Many genes are similar between the human genome and those of less complex animals. As a vertebrate, the zebrafish (Danio rerio) has the same major organs and tissues as humans. For example, their muscle, blood, kidney and optical structures share many features with the human systems. Zebrafish embryos are transparent, so researchers can easily study their development. Zebrafish share 70 per cent of genes with humans and 84 per cent of genes known to be associated with human disease have a zebrafish counterpart.
“There are several advantages of the zebrafish model. We can readily create variations in their genome that are relevant to human health and disease. This has allowed a greater understanding of gene function and the finding of new targets for drug treatments.”
“Several small molecules discovered using the zebrafish system have recently entered into clinical trials. The availability of the genome sequence, coupled with the rapid expansion of disease models and chemical screening ability, ensures that the zebrafish system has a major place in biomedicine.”
Dr Leonard Zon MD, Children’s Hospital of Boston MA
The high-quality zebrafish reference genome sequence reported today in Nature, has allowed the team to create different mutations in more than 10,000 genes. There are 5,494 genes known to be involved in human disease. So far, the team have identified mutations in 3,188 zebrafish gene counterparts of the 5,494 genes associated with human disease.
Based on traditional methods used to study zebrafish, the team developed a new approach to more efficiently find the consequences of genetic variation in the zebrafish. They create random mutations throughout the genome of the zebrafish and link the mutations to physical or biochemical changes.
“Our aim is to reveal the function of each gene in the zebrafish to shed light on the role of their human counterpart. We make these zebrafish models freely available to the wider scientific and medical communities to support their effort to understand human disease and increase the pace at which medical advancements can be made.”
Dr Elisabeth Busch-Nentwich First author from the Wellcome Trust Sanger Institute
A previous study at the Institute found specific mutations in the gene Titin are potential drivers for the growth of some forms of cancer. The team found that the main function of this gene in zebrafish may be associated with the division of cells in the body. This would explain why changes to this gene can affect the way cells divide and can be a driving force in the growth of cancer.

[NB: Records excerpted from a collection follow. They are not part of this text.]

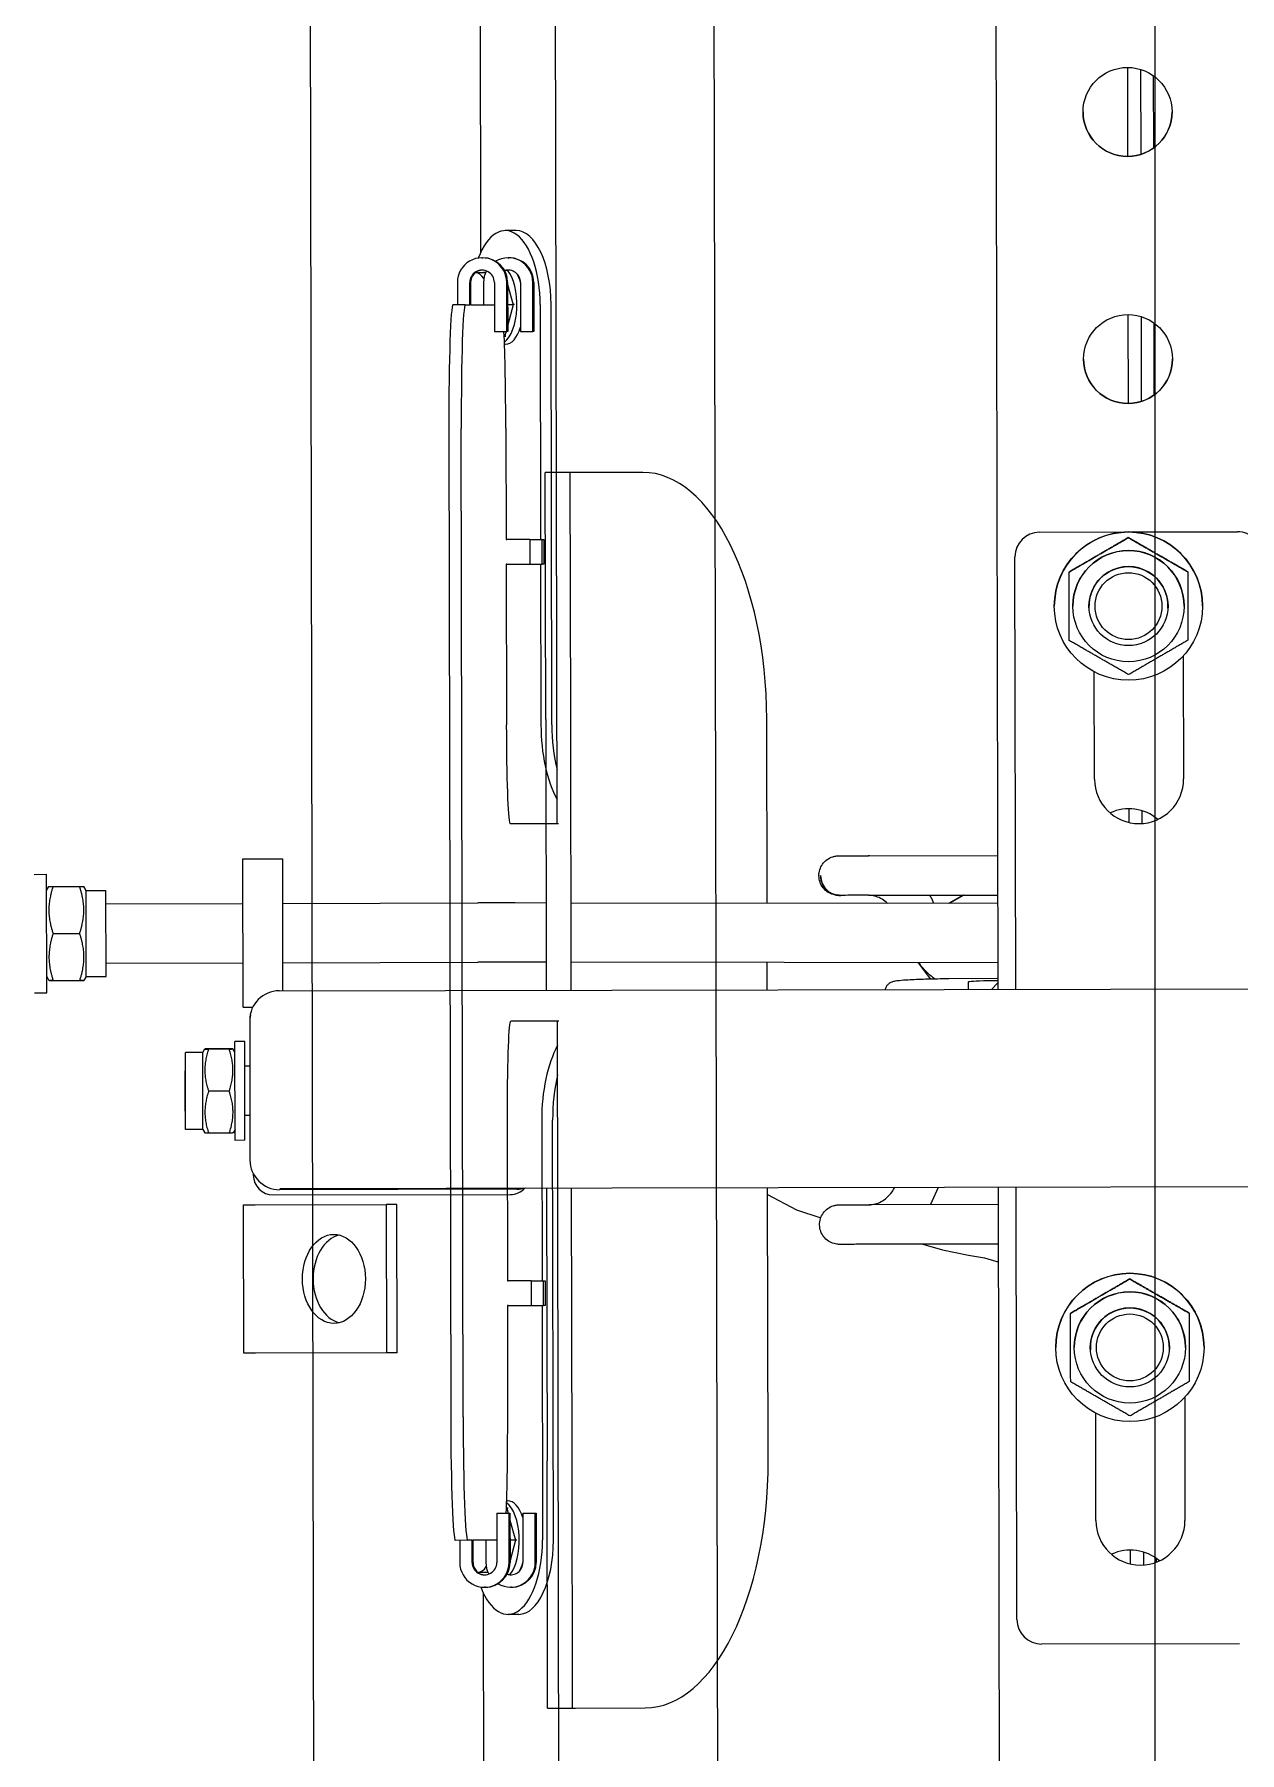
# Model space of a CAD drawing. Extents: x -3873 to 164127, y 7129 to 96529.
# Drawn here: x 85435.3 to 85679.2, y 51877.4 to 52225 of the extents above; entities that cross this region are included whole.
import ezdxf

# ---------------------------------------------------------------- set-up
doc = ezdxf.new("R2010")
doc.units = 0
doc.layers.get('0').update_dxf_attribs({"linetype": 'CONTINUOUS'})
doc.layers.add('KROMEKA', color=1, linetype='CONTINUOUS')
doc.layers.add('LAYOUT Kromeka', color=1, linetype='CONTINUOUS', lineweight=5)

# ---------------------------------------------------------------- blocks, each defined once
blk = doc.blocks.new('drop-GS-double')
for p, q in [((369.84, 452.05), (369.84, 449.55)), ((393.84, 452.06), (393.84, 449.56)), ((369.84, 449.55), (393.84, 449.56)), ((373.14, 449.55), (372.34, 449.09)), ((390.54, 449.55), (391.34, 449.09)), ((372.33, 448.24), (372.33, 442.86)), ((372.35, 448.24), (372.35, 442.86)), ((381.86, 448.24), (381.86, 442.86)), ((391.35, 448.24), (391.35, 442.86)), ((373.14, 441.55), (372.34, 442.01)), ((373.14, 441.55), (390.54, 441.55)), ((373.14, 441.55), (373.14, 437.55)), ((390.54, 441.55), (391.34, 442.02)), ((390.54, 441.55), (390.54, 437.55)), ((373.14, 437.55), (390.54, 437.55)), ((375.84, 437.55), (375.87, 437.55)), ((375.87, 437.55), (375.87, 409.83)), ((387.87, 437.55), (387.87, 409.83)), ((342.14, 421.5), (357.74, 421.5)), ((342.14, 418), (342.14, 421.5)), ((345.86, 421.56), (345.79, 421.5)), ((345.86, 421.56), (354.02, 421.56)), ((354.02, 421.56), (354.08, 421.5)), ((357.74, 418), (357.74, 421.5)), ((342.14, 418), (341.44, 417.6)), ((342.14, 418), (357.74, 418)), ((357.74, 418), (358.44, 417.6)), ((341.41, 412.66), (341.41, 416.84)), ((349.88, 412.66), (349.88, 416.84)), ((358.41, 412.66), (358.41, 416.84)), ((358.47, 412.66), (358.47, 416.84)), ((339.94, 411.5), (359.94, 411.5)), ((339.94, 409.5), (339.94, 411.5)), ((342.14, 411.5), (341.44, 411.9)), ((357.74, 411.5), (358.44, 411.9)), ((359.94, 409.5), (359.94, 411.5)), ((296.87, 407.48), (296.87, 409.83)), ((296.87, 409.83), (326.87, 409.83)), ((296.87, 380.95), (296.87, 407.48)), ((326.87, 409.83), (326.87, 407.48)), ((326.87, 407.48), (326.87, 380.95)), ((333.19, 407.83), (332.87, 407.83)), ((363.94, 408.5), (335.94, 408.5)), ((339.94, 409.5), (359.94, 409.5)), ((344.94, 408.5), (344.94, 409.5)), ((354.94, 408.5), (354.94, 409.5)), ((364.19, 408.5), (363.94, 408.5)), ((366.87, 409.83), (396.87, 409.83)), ((366.87, 409.83), (366.87, 407.87)), ((396.87, 409.83), (396.87, 401.83)), ((328.87, 403.83), (328.87, 355.83)), ((329.94, 354.5), (329.94, 402.5)), ((330.19, 402.45), (330.19, 108.5)), ((370.19, 402.5), (370.19, 108.5)), ((396.87, 401.83), (370.19, 401.83)), ((375.87, 401.83), (375.87, 362.29)), ((387.87, 401.83), (387.87, 362.29)), ((326.87, 380.95), (296.87, 380.95)), ((296.87, 378.8), (296.87, 380.95)), ((326.87, 378.8), (326.87, 380.95)), ((296.87, 378.8), (326.87, 378.8)), ((375.84, 348.5), (375.86, 354.81)), ((387.84, 348.5), (387.86, 354.77)), ((224.94, 348.5), (274.94, 348.5)), ((224.94, 348.5), (224.94, 343.5)), ((330.19, 348.5), (274.94, 348.5)), ((424.94, 348.5), (370.19, 348.5)), ((424.94, 348.5), (474.94, 348.5)), ((474.94, 343.5), (474.94, 348.5)), ((224.94, 343.5), (224.94, 342.83)), ((274.94, 343.5), (224.94, 343.5)), ((224.94, 342.83), (224.94, 328.77)), ((330.19, 343.5), (274.94, 343.5)), ((424.94, 343.5), (370.19, 343.5)), ((375.57, 257.15), (375.83, 343.5)), ((387.57, 257.15), (387.83, 343.5)), ((474.94, 343.5), (424.94, 343.5)), ((474.94, 342.83), (474.94, 343.5)), ((474.94, 328.77), (474.94, 342.83)), ((274.94, 303.77), (330.19, 303.77)), ((328.81, 303.77), (325.69, 297.93)), ((370.19, 303.77), (375.71, 303.77)), ((387.71, 303.77), (424.94, 303.77)), ((325.69, 297.93), (324.01, 293.04)), ((389.27, 289.01), (389.27, 289.01)), ((318.66, 257.15), (318.66, 283.26)), ((326.66, 257.15), (326.66, 283.26)), ((389.28, 283.26), (389.27, 257.15)), ((397.28, 283.26), (397.27, 257.15)), ((318.66, 272.36), (317.48, 268.42)), ((375.62, 273.21), (372.56, 270.95)), ((317.48, 268.42), (316.45, 263.13)), ((327.36, 270.47), (330.19, 269.17)), ((372.56, 270.95), (372.35, 270.62)), ((387.61, 270.02), (388.58, 270.47)), ((372.4, 267.06), (372.48, 257.15)), ((389.27, 264.12), (387.6, 267.09)), ((389.27, 263.95), (387.6, 266.92)), ((316.45, 263.13), (315.9, 259.9)), ((371.68, 263.14), (370.19, 263.14)), ((370.19, 263.14), (370.19, 263.14)), ((315.9, 259.9), (315.12, 257.42)), ((315.12, 257.42), (315.12, 257.15)), ((370.19, 258.4), (371.44, 257.15)), ((371.95, 257.15), (371.92, 259.18)), ((330.19, 257.15), (-330.06, 257.16)), ((872.69, 257.15), (370.19, 257.15)), ((242.69, 253.5), (330.19, 253.5)), ((370.19, 253.5), (457.69, 253.5)), ((237.69, 208.45), (237.69, 248.5)), ((462.69, 248.5), (462.69, 230.83)), ((297.69, 245.54), (297.69, 245.54)), ((447.69, 245.54), (447.69, 245.54)), ((297.69, 241.79), (297.69, 241.79)), ((304.61, 242.54), (304.61, 242.54)), ((447.69, 241.79), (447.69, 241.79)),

“Our zebrafish models have already been used to confirm the identity of a gene responsible for a rare disease affecting the development of bones. This is just one of many examples where this project has and will advance our understanding of human disease.”
Dr Ross Kettleborough First author from the Wellcome Trust Sanger Institute
Zebrafish have already played a central role in helping to unravel the biological processes behind muscular dystrophies and are an important model for unlocking the mechanisms of cancer and other diseases. This project will help to uncover the biological processes that underlie both common and rare diseases, point to the causal genes and may lead to new treatments.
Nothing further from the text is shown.